> _LISTED RECORDS_

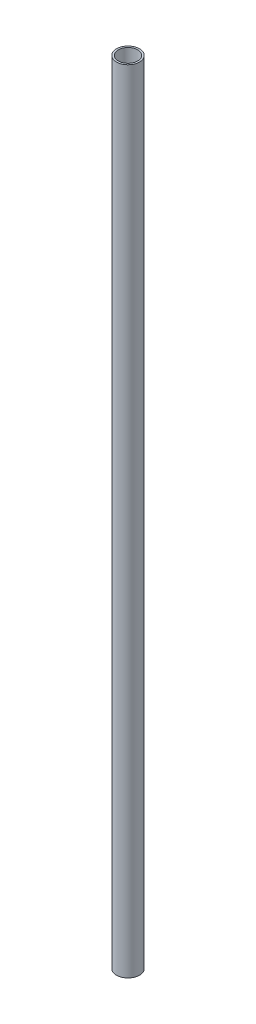
SolidWorks part; units mm, degrees
material "AISI 4130 Steel, annealed at 865C"
ref_plane "Front Plane" through (0, 0, 0) normal (0, 0, 1) x (1, 0, 0)
ref_plane "Top Plane" through (0, 0, 0) normal (0, 1, 0) x (1, 0, 0)
ref_plane "Right Plane" through (0, 0, 0) normal (1, 0, 0) x (0, 0, -1)
sketch "Sketch1" plane through (0, 0, 0) normal (0, 1, 0) x (1, 0, 0)
  circle A0 centre (0, 0) radius 6.6929
  circle A1 centre (0, 0) radius 7.9375
  dimension "D1" = 15.875
  dimension "D2" = 13.3858
extrude "Boss-Extrude1" add sketch "Sketch1" along normal blind 546.1
ref_axis "Axis1" through (0, 546.1, 0) along (0, -1, 0)

> _WHAT IS BEING ASKED_
Produce the full material again verbatim, with the pictures dropped.

> _OUTPUT BELOW_
SolidWorks part; units mm, degrees
material "AISI 4130 Steel, annealed at 865C"
ref_plane "Front Plane" through (0, 0, 0) normal (0, 0, 1) x (1, 0, 0)
ref_plane "Top Plane" through (0, 0, 0) normal (0, 1, 0) x (1, 0, 0)
ref_plane "Right Plane" through (0, 0, 0) normal (1, 0, 0) x (0, 0, -1)
sketch "Sketch1" plane through (0, 0, 0) normal (0, 1, 0) x (1, 0, 0)
  circle A0 centre (0, 0) radius 6.6929
  circle A1 centre (0, 0) radius 7.9375
  dimension "D1" = 15.875
  dimension "D2" = 13.3858
extrude "Boss-Extrude1" add sketch "Sketch1" along normal blind 546.1
ref_axis "Axis1" through (0, 546.1, 0) along (0, -1, 0)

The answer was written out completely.